Again, hand-coding links is not horrible, but can’t this be automated? The programming logic is straightforward: given a word or phrase, find it and create a link. The text of the link could be the chapter and section numbers, since page numbers won’t help readers. An example index entry might read: Fonts; Ch 1 Sec 2, Ch 2 Sec 1. It isn’t as convenient as page numbers at first glance, but remember that these would be hyperlinks to the anchors. I plan to use this approach for a book we’re converting at this moment.

To use the “anchor” approach, you do need to keep track of anchors somehow. I suppose the anchors would be something like this: “#fonts_1″, “#fonts_2″, and so on, incremented for each new occurrence of the indexed word and not associated with a chapter or section since text can be moved. The index generator would have to track locations, though.

Most eBook generators create decent tables of content, but they don’t easily generate tables of figures or lists of tables. I’d like those features, too. Yet more “auto-generation” based on anchors, ids, and styles, I would suggest.

None of the missing features would be difficult to add to eBook generators. Already, iBooks Author includes a glossary tool. Why not add some of the other common textbook features?

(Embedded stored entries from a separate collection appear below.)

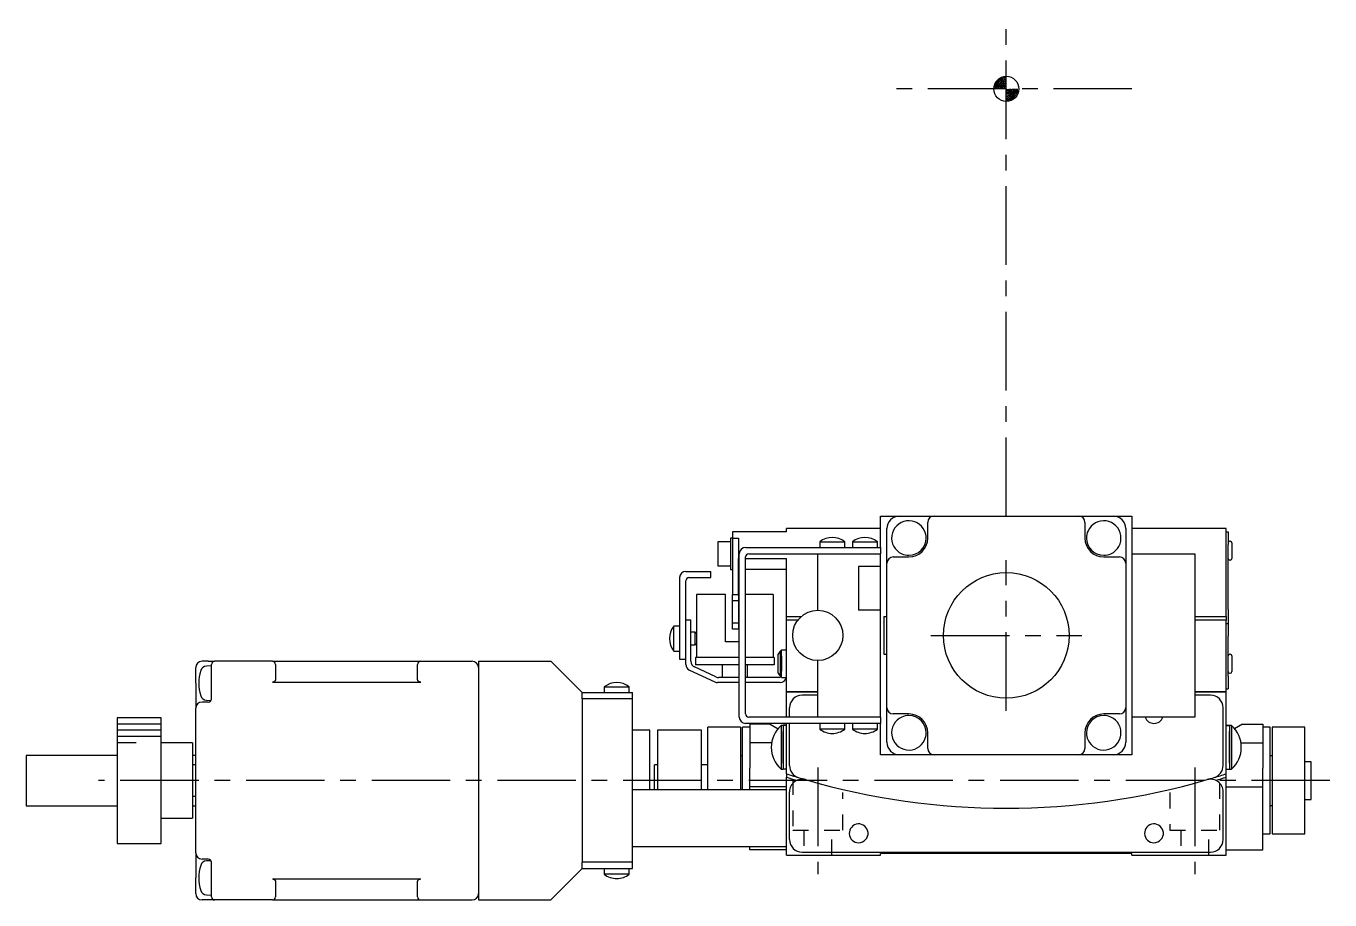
# Model space of a CAD drawing. Extents: x 124 to 837, y 27 to 513.
# Drawn here: x 210.3 to 417.7, y 64.5 to 203.6 of the extents above; entities that cross this region are included whole.
import ezdxf

# ---------------------------------------------------------------- set-up
doc = ezdxf.new("R2010")
doc.units = 0
doc.header["$LTSCALE"] = 10
doc.linetypes.add('CENTER', pattern=[2, 1.25, -0.25, 0.25, -0.25])
doc.linetypes.add('DOT', pattern=[0.5, 0.25, -0.25])
for name, color, linetype in [('1', 7, 'CONTINUOUS'), ('11', 7, 'CONTINUOUS'), ('2', 7, 'CONTINUOUS')]:
    doc.layers.add(name, color=color, linetype=linetype)

msp = doc.modelspace()

# ---------------------------------------------------------------- linework, layer by layer
at = {"layer": '1', "color": 7, "linetype": 'CONTINUOUS'}
for p, q in [((346.249999, 120.55), (346.249999, 125.55)), ((346.249999, 125.55), (349.249999, 125.55)), ((349.249999, 125.55), (353.335785, 125.55)), ((349.249999, 125.55), (350.601767, 125.55)), ((353.335785, 125.55), (354.749999, 125.55)), ((353.749999, 122.05), (353.749999, 124.55)), ((354.749999, 125.55), (377.749999, 125.55)), ((377.749999, 125.55), (379.164213, 125.55)), ((378.749999, 124.55), (378.749999, 122.05)), ((379.164213, 125.55), (383.249999, 125.55)), ((381.898231, 125.55), (383.249999, 125.55)), ((383.249999, 125.55), (386.249999, 125.55)), ((386.249999, 125.55), (386.249999, 87.55)), ((322.649999, 123.05), (322.649999, 122.05)), ((331.249999, 123.05), (322.649999, 123.05)), ((346.249999, 123.55), (331.249999, 123.55)), ((331.249999, 123.05), (331.249999, 123.55)), ((347.249999, 119.464214), (347.249999, 123.55)), ((347.249999, 122.198232), (347.249999, 123.55)), ((385.249999, 123.55), (385.249999, 119.464214)), ((385.249999, 123.55), (385.249999, 122.198232)), ((401.249999, 123.55), (386.249999, 123.55)), ((401.249999, 109.55), (401.249999, 123.55)), ((401.249999, 123.05), (401.549999, 123.05)), ((401.549999, 123.05), (401.549999, 121.05)), ((320.349999, 121.45), (320.349999, 117.65)), ((320.349999, 121.45), (320.349999, 117.65)), ((322.349999, 121.45), (320.349999, 121.45)), ((322.349999, 122.05), (322.349999, 119.55)), ((322.649999, 122.05), (322.349999, 122.05)), ((322.649999, 122.05), (323.649999, 122.05)), ((322.649999, 122.05), (322.649999, 113.05)), ((323.649999, 122.05), (323.649999, 118.81327)), ((324.749999, 120.55), (346.249999, 120.55)), ((336.549999, 121.447999), (338.553457, 121.447999)), ((336.549999, 121.447999), (336.549999, 120.55)), ((338.553457, 121.447999), (340.549999, 121.447999)), ((340.549999, 120.55), (340.549999, 121.447999)), ((341.749999, 121.447999), (343.753457, 121.447999)), ((341.749999, 121.447999), (341.749999, 120.55)), ((343.753457, 121.447999), (345.749999, 121.447999)), ((345.749999, 120.55), (345.749999, 121.447999)), ((346.249999, 120.55), (346.249999, 119.55)), ((401.549999, 110.696213), (401.549999, 121.05)), ((401.899999, 121.550001), (401.799999, 121.550001)), ((402.149999, 121.300001), (402.149999, 118.800001)), ((402.149999, 121.300001), (402.149999, 120.173601)), ((322.349999, 119.55), (322.349999, 117.05)), ((323.649999, 118.81327), (323.749999, 118.81327)), ((323.649999, 118.407718), (323.649999, 118.81327)), ((323.649999, 113.05), (323.649999, 118.407718)), ((323.749999, 93.55), (323.749999, 119.55)), ((324.749999, 94.05), (324.749999, 119.05)), ((324.749999, 118.81327), (331.249999, 118.81327)), ((325.249999, 119.55), (346.249999, 119.55)), ((331.249999, 109.55), (331.249999, 118.81327)), ((336.249999, 110.55), (336.249999, 119.55)), ((346.249999, 117.55), (346.249999, 119.55)), ((347.249999, 118.05), (347.249999, 119.464214)), ((348.249999, 119.05), (350.749999, 119.05)), ((381.749999, 119.05), (384.249999, 119.05)), ((385.249999, 119.464214), (385.249999, 118.05)), ((386.249999, 119.55), (396.249999, 119.55)), ((396.249999, 119.55), (396.249999, 93.55)), ((401.799999, 118.550001), (401.899999, 118.550001)), ((402.149999, 120.173601), (402.149999, 118.800001)), ((315.249999, 116.75), (319.249999, 116.75)), ((319.249999, 115.75), (319.249999, 116.75)), ((320.349999, 117.65), (322.349999, 117.65)), ((322.349999, 117.05), (322.649999, 117.05)), ((323.749999, 117.05), (323.649999, 117.05)), ((331.249999, 117.05), (324.749999, 117.05)), ((342.749999, 117.55), (342.749999, 110.55)), ((346.249999, 117.55), (342.749999, 117.55)), ((346.249999, 110.55), (346.249999, 117.55)), ((347.249999, 95.05), (347.249999, 118.05)), ((385.249999, 118.05), (385.249999, 95.05)), ((314.249999, 115.75), (314.249999, 102.75)), ((315.249999, 102.75), (315.249999, 115.25)), ((315.749999, 115.75), (319.249999, 115.75)), ((316.950003, 113.05), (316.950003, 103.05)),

Once the features are added, let’s do something about the pain and misery required to create custom templates. Why don’t the eBook tools, including iBooks, do a better job with the CSS they generate? I’ve used Pages, InDesign, Sigil, and iBooks to create eBooks. I’ve also used Scrivener. Without question, the bare minimum ePub generated by Scrivener was the best of the bunch — because it was simple. I used the Oxygen XML editor to tweak the CSS in a Scrivener ePub and was pleased.

We all mix-n-match software applications for the best possible results. We create images in Illustrator or Photoshop, edit long texts in Word, and finish the layout of a book with InDesign or QuarkXPress. But, I consider the CSS aspect of eBooks similar to the styles of InDesign or Word. Why should I need another program to tune simple CSS, with only a handful of styles?

In time, iBooks Author and similar tools will add the features I want. Even with fine-tuning and hand-coding, eBooks are much easier to create and distribute than traditional printed books.